La mentira en manos de los políticos corrompe la vida de
un país, en todas sus dimensiones. Con la mentira no se puede fundar nada. Si repasamos
un poco la historia nos encontraremos que muchos de los desastres de todo orden
que han sobrevenido a un país cualquiera, en su mayoría han sido consecuencias
de mentiras que se han aceptado y se han dejado circular.
Esto quiere decir que la mentira no sólo es antipática y
repulsiva, sino extremadamente peligrosa. No se debe tolerar, porque compromete
todas las posibilidades y perturba la convivencia. Pero hay que rehuir la
tentación de la polémica; a la inmensa mayoría de las cosas que se dicen no hay
por qué contestar. Si se trata de opiniones o valoraciones, la discusión no
lleva a nada. Las injustificadas caerán por su propio peso, y sólo se
sostendrán si se las combate y contradice; viven precisamente de eso, de ser
aireadas, repetidas, discutidas. La polémica les da la realidad que no tienen;
como suele pasar con los "famosos", lo son porque se habla de ellos,
no es que se hable de ellos por lo que son o hacen.
Creo que una norma de conducta indispensable es descubrir
las mentiras y mostrar que lo son. Y añadiría: "y nada más". Hay que
evitar hacerles la "respiración artificial" de la polémica. Cuando un
político, un historiador, un crítico, un autor o difusor de estadísticas, falta
a la verdad, hay que hacerlo constar y no seguir hablando de ello.
Claro que la mentira tiene una defensa: fingir que no se
entera de lo que la destruye. Y, como suele disponer de bastante poder, oculta
el hecho de que se la ha invalidado y descubierto. Lo malo, lo inquietante y
peligroso, es que son pocos los que se atreven a decir lo que saben y piensan,
concretamente que algo es paladinamente falso.
Me parece que los españoles estamos desmoralizados.
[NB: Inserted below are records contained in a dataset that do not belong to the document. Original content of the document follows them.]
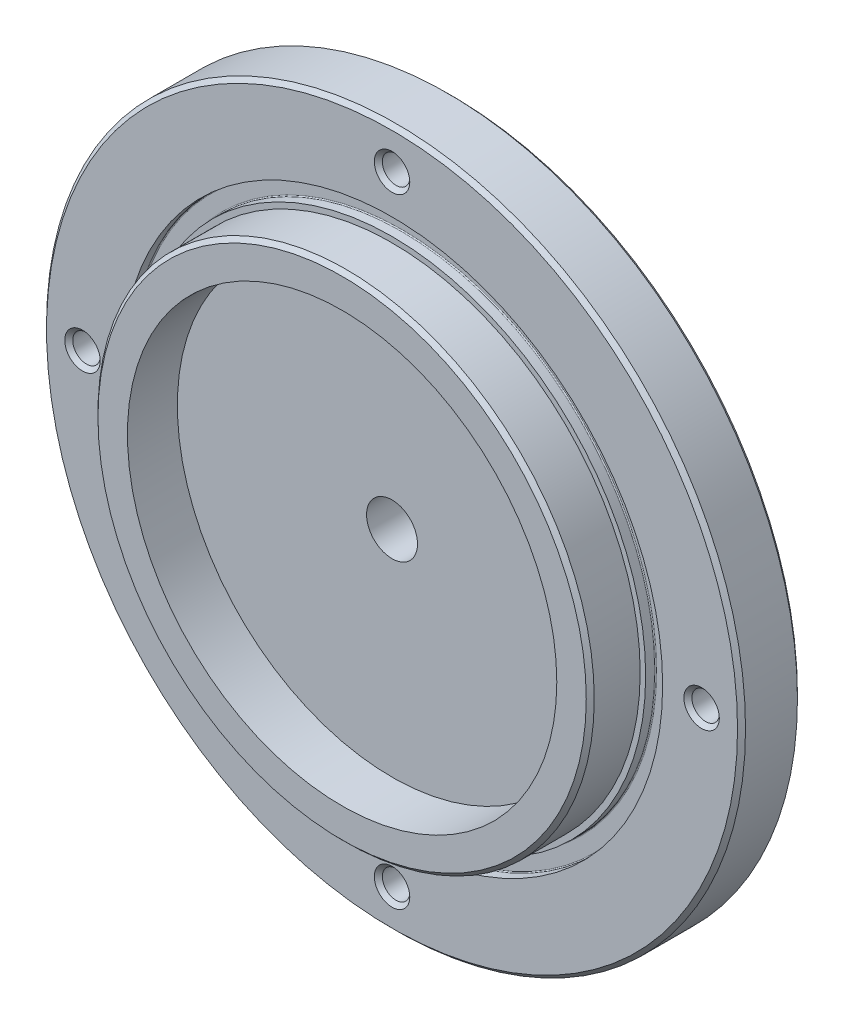
ISO-10303-21;
HEADER;
FILE_DESCRIPTION(('STEP AP214'),'2;1');
FILE_NAME('part.step','',(''),(''),'','','');
FILE_SCHEMA(('AUTOMOTIVE_DESIGN { 1 0 10303 214 1 1 1 1 }'));
ENDSEC;
DATA;
#1=APPLICATION_CONTEXT('core data for automotive mechanical design processes');
#2=APPLICATION_PROTOCOL_DEFINITION('international standard','automotive_design',2000,#1);
#3=PRODUCT_CONTEXT('',#1,'mechanical');
#4=PRODUCT('Part','Part','',(#3));
#5=PRODUCT_RELATED_PRODUCT_CATEGORY('part','',(#4));
#6=PRODUCT_DEFINITION_FORMATION('','',#4);
#7=PRODUCT_DEFINITION_CONTEXT('part definition',#1,'design');
#8=PRODUCT_DEFINITION('design','',#6,#7);
#9=PRODUCT_DEFINITION_SHAPE('','',#8);
#10=(LENGTH_UNIT() NAMED_UNIT(*) SI_UNIT(.MILLI.,.METRE.));
#11=(NAMED_UNIT(*) PLANE_ANGLE_UNIT() SI_UNIT($,.RADIAN.));
#12=(NAMED_UNIT(*) SI_UNIT($,.STERADIAN.) SOLID_ANGLE_UNIT());
#13=UNCERTAINTY_MEASURE_WITH_UNIT(LENGTH_MEASURE(1.E-05),#10,'distance_accuracy_value','');
#14=(GEOMETRIC_REPRESENTATION_CONTEXT(3) GLOBAL_UNCERTAINTY_ASSIGNED_CONTEXT((#13)) GLOBAL_UNIT_ASSIGNED_CONTEXT((#10,
#11,#12)) REPRESENTATION_CONTEXT('',''));
#15=CARTESIAN_POINT('',(0.,0.,0.));
#16=DIRECTION('',(0.,0.,1.));
#17=DIRECTION('',(1.,0.,0.));
#18=AXIS2_PLACEMENT_3D('',#15,#16,#17);
#19=CARTESIAN_POINT('',(0.,0.,-12.));
#20=DIRECTION('',(0.,0.,1.));
#21=DIRECTION('',(1.,0.,0.));
#22=AXIS2_PLACEMENT_3D('',#19,#20,#21);
#23=PLANE('',#22);
#24=CARTESIAN_POINT('',(-62.,4.55722116480689E-13,-12.));
#25=DIRECTION('',(0.,0.,1.));
#26=DIRECTION('',(1.,0.,0.));
#27=AXIS2_PLACEMENT_3D('',#24,#25,#26);
#28=CIRCLE('',#27,3.54999999999997);
#29=CARTESIAN_POINT('',(-58.45,4.55722116480689E-13,-12.));
#30=VERTEX_POINT('',#29);
#31=EDGE_CURVE('E55',#30,#30,#28,.T.);
#32=ORIENTED_EDGE('',*,*,#31,.T.);
#33=EDGE_LOOP('',(#32));
#34=FACE_BOUND('',#33,.T.);
#35=CARTESIAN_POINT('',(0.,-62.,-12.));
#36=DIRECTION('',(0.,0.,1.));
#37=DIRECTION('',(1.,0.,0.));
#38=AXIS2_PLACEMENT_3D('',#35,#36,#37);
#39=CIRCLE('',#38,3.54999999999997);
#40=CARTESIAN_POINT('',(3.54999999999997,-62.,-12.));
#41=VERTEX_POINT('',#40);
#42=EDGE_CURVE('E59',#41,#41,#39,.T.);
#43=ORIENTED_EDGE('',*,*,#42,.T.);
#44=EDGE_LOOP('',(#43));
#45=FACE_BOUND('',#44,.T.);
#46=CARTESIAN_POINT('',(62.,0.,-12.));
#47=DIRECTION('',(0.,0.,1.));
#48=DIRECTION('',(1.,0.,0.));
#49=AXIS2_PLACEMENT_3D('',#46,#47,#48);
#50=CIRCLE('',#49,3.54999999999997);
#51=CARTESIAN_POINT('',(65.55,0.,-12.));
#52=VERTEX_POINT('',#51);
#53=EDGE_CURVE('E64',#52,#52,#50,.T.);
#54=ORIENTED_EDGE('',*,*,#53,.T.);
#55=EDGE_LOOP('',(#54));
#56=FACE_BOUND('',#55,.T.);
#57=CARTESIAN_POINT('',(0.,62.,-12.));
#58=DIRECTION('',(0.,0.,1.));
#59=DIRECTION('',(1.,0.,0.));
#60=AXIS2_PLACEMENT_3D('',#57,#58,#59);
#61=CIRCLE('',#60,3.54999999999997);
#62=CARTESIAN_POINT('',(3.54999999999997,62.,-12.));
#63=VERTEX_POINT('',#62);
#64=EDGE_CURVE('E67',#63,#63,#61,.T.);
#65=ORIENTED_EDGE('',*,*,#64,.T.);
#66=EDGE_LOOP('',(#65));
#67=FACE_BOUND('',#66,.T.);
#68=CARTESIAN_POINT('',(0.,0.,-12.));
#69=DIRECTION('',(0.,0.,1.));
#70=DIRECTION('',(1.,0.,0.));
#71=AXIS2_PLACEMENT_3D('',#68,#69,#70);
#72=CIRCLE('',#71,69.2);
#73=CARTESIAN_POINT('',(69.2,0.,-12.));
#74=VERTEX_POINT('',#73);
#75=EDGE_CURVE('E70',#74,#74,#72,.F.);
#76=ORIENTED_EDGE('',*,*,#75,.T.);
#77=EDGE_LOOP('',(#76));
#78=FACE_BOUND('',#77,.T.);
#79=CARTESIAN_POINT('',(0.,0.,-12.));
#80=DIRECTION('',(0.,0.,-1.));
#81=DIRECTION('',(-1.,0.,0.));
#82=AXIS2_PLACEMENT_3D('',#79,#80,#81);
#83=CIRCLE('',#82,5.1);
#84=CARTESIAN_POINT('',(-5.1,0.,-12.));
#85=VERTEX_POINT('',#84);
#86=EDGE_CURVE('E148',#85,#85,#83,.T.);
#87=ORIENTED_EDGE('',*,*,#86,.F.);
#88=EDGE_LOOP('',(#87));
#89=FACE_BOUND('',#88,.T.);
#90=ADVANCED_FACE('F43',(#34,#45,#56,#67,#78,#89),#23,.F.);
#91=CARTESIAN_POINT('',(0.,0.,0.));
#92=DIRECTION('',(0.,0.,1.));
#93=DIRECTION('',(1.,0.,0.));
#94=AXIS2_PLACEMENT_3D('',#91,#92,#93);
#95=PLANE('',#94);
#96=CARTESIAN_POINT('',(0.,0.,0.));
#97=DIRECTION('',(0.,0.,1.));
#98=DIRECTION('',(1.,0.,0.));
#99=AXIS2_PLACEMENT_3D('',#96,#97,#98);
#100=CIRCLE('',#99,49.7);
#101=CARTESIAN_POINT('',(49.7,0.,0.));
#102=VERTEX_POINT('',#101);
#103=EDGE_CURVE('E133',#102,#102,#100,.T.);
#104=ORIENTED_EDGE('',*,*,#103,.F.);
#105=EDGE_LOOP('',(#104));
#106=FACE_BOUND('',#105,.T.);
#107=CARTESIAN_POINT('',(0.,0.,0.));
#108=DIRECTION('',(0.,0.,1.));
#109=DIRECTION('',(1.,0.,0.));
#110=AXIS2_PLACEMENT_3D('',#107,#108,#109);
#111=CIRCLE('',#110,50.8);
#112=CARTESIAN_POINT('',(50.8,0.,0.));
#113=VERTEX_POINT('',#112);
#114=EDGE_CURVE('E142',#113,#113,#111,.T.);
#115=ORIENTED_EDGE('',*,*,#114,.T.);
#116=EDGE_LOOP('',(#115));
#117=FACE_BOUND('',#116,.T.);
#118=ADVANCED_FACE('F155',(#106,#117),#95,.T.);
#119=CARTESIAN_POINT('',(0.,0.,10.));
#120=DIRECTION('',(0.,0.,1.));
#121=DIRECTION('',(1.,0.,0.));
#122=AXIS2_PLACEMENT_3D('',#119,#120,#121);
#123=PLANE('',#122);
#124=CARTESIAN_POINT('',(0.,0.,10.));
#125=DIRECTION('',(0.,0.,1.));
#126=DIRECTION('',(1.,0.,0.));
#127=AXIS2_PLACEMENT_3D('',#124,#125,#126);
#128=CIRCLE('',#127,48.9);
#129=CARTESIAN_POINT('',(48.9,0.,10.));
#130=VERTEX_POINT('',#129);
#131=EDGE_CURVE('E127',#130,#130,#128,.T.);
#132=ORIENTED_EDGE('',*,*,#131,.T.);
#133=EDGE_LOOP('',(#132));
#134=FACE_BOUND('',#133,.T.);
#135=CARTESIAN_POINT('',(0.,0.,10.));
#136=DIRECTION('',(0.,0.,1.));
#137=DIRECTION('',(1.,0.,0.));
#138=AXIS2_PLACEMENT_3D('',#135,#136,#137);
#139=CIRCLE('',#138,43.);
#140=CARTESIAN_POINT('',(43.,0.,10.));
#141=VERTEX_POINT('',#140);
#142=EDGE_CURVE('E136',#141,#141,#139,.T.);
#143=ORIENTED_EDGE('',*,*,#142,.F.);
#144=EDGE_LOOP('',(#143));
#145=FACE_BOUND('',#144,.T.);
#146=ADVANCED_FACE('F163',(#134,#145),#123,.T.);
#147=CARTESIAN_POINT('',(0.,0.,10.));
#148=DIRECTION('',(0.,0.,-1.));
#149=DIRECTION('',(-1.,0.,0.));
#150=AXIS2_PLACEMENT_3D('',#147,#148,#149);
#151=CYLINDRICAL_SURFACE('',#150,49.7);
#152=CARTESIAN_POINT('',(0.,0.,9.2));
#153=DIRECTION('',(0.,0.,1.));
#154=DIRECTION('',(1.,0.,0.));
#155=AXIS2_PLACEMENT_3D('',#152,#153,#154);
#156=CIRCLE('',#155,49.7);
#157=CARTESIAN_POINT('',(49.7,0.,9.2));
#158=VERTEX_POINT('',#157);
#159=EDGE_CURVE('E124',#158,#158,#156,.F.);
#160=ORIENTED_EDGE('',*,*,#159,.T.);
#161=EDGE_LOOP('',(#160));
#162=FACE_BOUND('',#161,.T.);
#163=ORIENTED_EDGE('',*,*,#103,.T.);
#164=EDGE_LOOP('',(#163));
#165=FACE_BOUND('',#164,.T.);
#166=ADVANCED_FACE('F170',(#162,#165),#151,.T.);
#167=CARTESIAN_POINT('',(0.,0.,10.));
#168=DIRECTION('',(0.,0.,-1.));
#169=DIRECTION('',(-1.,0.,0.));
#170=AXIS2_PLACEMENT_3D('',#167,#168,#169);
#171=CYLINDRICAL_SURFACE('',#170,43.);
#172=ORIENTED_EDGE('',*,*,#142,.T.);
#173=EDGE_LOOP('',(#172));
#174=FACE_BOUND('',#173,.T.);
#175=CARTESIAN_POINT('',(0.,0.,0.));
#176=DIRECTION('',(0.,0.,1.));
#177=DIRECTION('',(1.,0.,0.));
#178=AXIS2_PLACEMENT_3D('',#175,#176,#177);
#179=CIRCLE('',#178,43.);
#180=CARTESIAN_POINT('',(43.,0.,0.));
#181=VERTEX_POINT('',#180);
#182=EDGE_CURVE('E130',#181,#181,#179,.F.);
#183=ORIENTED_EDGE('',*,*,#182,.T.);
#184=EDGE_LOOP('',(#183));
#185=FACE_BOUND('',#184,.T.);
#186=ADVANCED_FACE('F279',(#174,#185),#171,.F.);
#187=CARTESIAN_POINT('',(0.,0.,0.));
#188=DIRECTION('',(0.,0.,1.));
#189=DIRECTION('',(1.,0.,0.));
#190=AXIS2_PLACEMENT_3D('',#187,#188,#189);
#191=CIRCLE('',#190,5.1);
#192=CARTESIAN_POINT('',(5.1,0.,0.));
#193=VERTEX_POINT('',#192);
#194=EDGE_CURVE('E145',#193,#193,#191,.T.);
#195=ORIENTED_EDGE('',*,*,#194,.F.);
#196=EDGE_LOOP('',(#195));
#197=FACE_BOUND('',#196,.T.);
#198=ORIENTED_EDGE('',*,*,#182,.F.);
#199=EDGE_LOOP('',(#198));
#200=FACE_BOUND('',#199,.T.);
#201=ADVANCED_FACE('F166',(#197,#200),#95,.T.);
#202=CARTESIAN_POINT('',(0.,0.,10.));
#203=DIRECTION('',(0.,0.,-1.));
#204=DIRECTION('',(-1.,0.,0.));
#205=AXIS2_PLACEMENT_3D('',#202,#203,#204);
#206=CONICAL_SURFACE('',#205,48.9,0.785398163397431);
#207=ORIENTED_EDGE('',*,*,#159,.F.);
#208=EDGE_LOOP('',(#207));
#209=FACE_BOUND('',#208,.T.);
#210=ORIENTED_EDGE('',*,*,#131,.F.);
#211=EDGE_LOOP('',(#210));
#212=FACE_BOUND('',#211,.T.);
#213=ADVANCED_FACE('F181',(#209,#212),#206,.T.);
#214=CARTESIAN_POINT('',(0.,0.,-2.));
#215=DIRECTION('',(0.,0.,1.));
#216=DIRECTION('',(1.,0.,0.));
#217=AXIS2_PLACEMENT_3D('',#214,#215,#216);
#218=CYLINDRICAL_SURFACE('',#217,54.2);
#219=CARTESIAN_POINT('',(0.,0.,-1.8));
#220=DIRECTION('',(0.,0.,1.));
#221=DIRECTION('',(1.,0.,0.));
#222=AXIS2_PLACEMENT_3D('',#219,#220,#221);
#223=CIRCLE('',#222,54.2);
#224=CARTESIAN_POINT('',(54.2,0.,-1.8));
#225=VERTEX_POINT('',#224);
#226=EDGE_CURVE('E115',#225,#225,#223,.F.);
#227=ORIENTED_EDGE('',*,*,#226,.T.);
#228=EDGE_LOOP('',(#227));
#229=FACE_BOUND('',#228,.T.);
#230=CARTESIAN_POINT('',(0.,0.,0.));
#231=DIRECTION('',(0.,0.,1.));
#232=DIRECTION('',(1.,0.,0.));
#233=AXIS2_PLACEMENT_3D('',#230,#231,#232);
#234=CIRCLE('',#233,54.2);
#235=CARTESIAN_POINT('',(54.2,0.,0.));
#236=VERTEX_POINT('',#235);
#237=EDGE_CURVE('E139',#236,#236,#234,.T.);
#238=ORIENTED_EDGE('',*,*,#237,.T.);
#239=EDGE_LOOP('',(#238));
#240=FACE_BOUND('',#239,.T.);
#241=ADVANCED_FACE('F187',(#229,#240),#218,.F.);
#242=CARTESIAN_POINT('',(0.,0.,-2.));
#243=DIRECTION('',(0.,0.,1.));
#244=DIRECTION('',(1.,0.,0.));
#245=AXIS2_PLACEMENT_3D('',#242,#243,#244);
#246=PLANE('',#245);
#247=CARTESIAN_POINT('',(0.,0.,-2.));
#248=DIRECTION('',(0.,0.,1.));
#249=DIRECTION('',(1.,0.,0.));
#250=AXIS2_PLACEMENT_3D('',#247,#248,#249);
#251=CIRCLE('',#250,54.);
#252=CARTESIAN_POINT('',(54.,0.,-2.));
#253=VERTEX_POINT('',#252);
#254=EDGE_CURVE('E118',#253,#253,#251,.T.);
#255=ORIENTED_EDGE('',*,*,#254,.T.);
#256=EDGE_LOOP('',(#255));
#257=FACE_BOUND('',#256,.T.);
#258=CARTESIAN_POINT('',(0.,0.,-2.));
#259=DIRECTION('',(0.,0.,1.));
#260=DIRECTION('',(1.,0.,0.));
#261=AXIS2_PLACEMENT_3D('',#258,#259,#260);
#262=CIRCLE('',#261,51.);
#263=CARTESIAN_POINT('',(51.,0.,-2.));
#264=VERTEX_POINT('',#263);
#265=EDGE_CURVE('E121',#264,#264,#262,.F.);
#266=ORIENTED_EDGE('',*,*,#265,.T.);
#267=EDGE_LOOP('',(#266));
#268=FACE_BOUND('',#267,.T.);
#269=ADVANCED_FACE('F269',(#257,#268),#246,.T.);
#270=CARTESIAN_POINT('',(0.,0.,-2.));
#271=DIRECTION('',(0.,0.,1.));
#272=DIRECTION('',(1.,0.,0.));
#273=AXIS2_PLACEMENT_3D('',#270,#271,#272);
#274=CYLINDRICAL_SURFACE('',#273,50.8);
#275=CARTESIAN_POINT('',(0.,0.,-1.8));
#276=DIRECTION('',(0.,0.,1.));
#277=DIRECTION('',(1.,0.,0.));
#278=AXIS2_PLACEMENT_3D('',#275,#276,#277);
#279=CIRCLE('',#278,50.8);
#280=CARTESIAN_POINT('',(50.8,0.,-1.8));
#281=VERTEX_POINT('',#280);
#282=EDGE_CURVE('E112',#281,#281,#279,.T.);
#283=ORIENTED_EDGE('',*,*,#282,.T.);
#284=EDGE_LOOP('',(#283));
#285=FACE_BOUND('',#284,.T.);
#286=ORIENTED_EDGE('',*,*,#114,.F.);
#287=EDGE_LOOP('',(#286));
#288=FACE_BOUND('',#287,.T.);
#289=ADVANCED_FACE('F179',(#285,#288),#274,.T.);
#290=CARTESIAN_POINT('',(0.,0.,-12.));
#291=DIRECTION('',(0.,0.,1.));
#292=DIRECTION('',(1.,0.,0.));
#293=AXIS2_PLACEMENT_3D('',#290,#291,#292);
#294=CYLINDRICAL_SURFACE('',#293,70.);
#295=CARTESIAN_POINT('',(0.,0.,-0.799999999999967));
#296=DIRECTION('',(0.,0.,1.));
#297=DIRECTION('',(1.,0.,0.));
#298=AXIS2_PLACEMENT_3D('',#295,#296,#297);
#299=CIRCLE('',#298,70.);
#300=CARTESIAN_POINT('',(70.,0.,-0.799999999999967));
#301=VERTEX_POINT('',#300);
#302=EDGE_CURVE('E10',#301,#301,#299,.F.);
#303=ORIENTED_EDGE('',*,*,#302,.T.);
#304=EDGE_LOOP('',(#303));
#305=FACE_BOUND('',#304,.T.);
#306=CARTESIAN_POINT('',(0.,0.,-11.2));
#307=DIRECTION('',(0.,0.,1.));
#308=DIRECTION('',(1.,0.,0.));
#309=AXIS2_PLACEMENT_3D('',#306,#307,#308);
#310=CIRCLE('',#309,70.);
#311=CARTESIAN_POINT('',(70.,0.,-11.2));
#312=VERTEX_POINT('',#311);
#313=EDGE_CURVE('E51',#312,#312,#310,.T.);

No
reaccionamos frente a lo que nos repugna; ni siquiera nos atrevemos a reconocer
que nos repugna, cuando se nos presenta desde instancias oficiales, institucionales,
o desde poderosos medios de comunicación. Es poco frecuente atreverse a discrepar
de lo que "se dice". Esto me lleva a pensar que el problema más acuciante
es primariamente personal. En cierta medida político y social, pero con una
raíz personal, incluso íntima, que es la condición de que los cambios políticos
y sociales puedan ser fecundos.
El amplio abanico de problemas que se extienden ante
nuestra mirada dependen, para su posible solución, de la decisión de los
españoles de no aceptar, tolerar, menos aún adoptar la mentira.
Buenas Noches.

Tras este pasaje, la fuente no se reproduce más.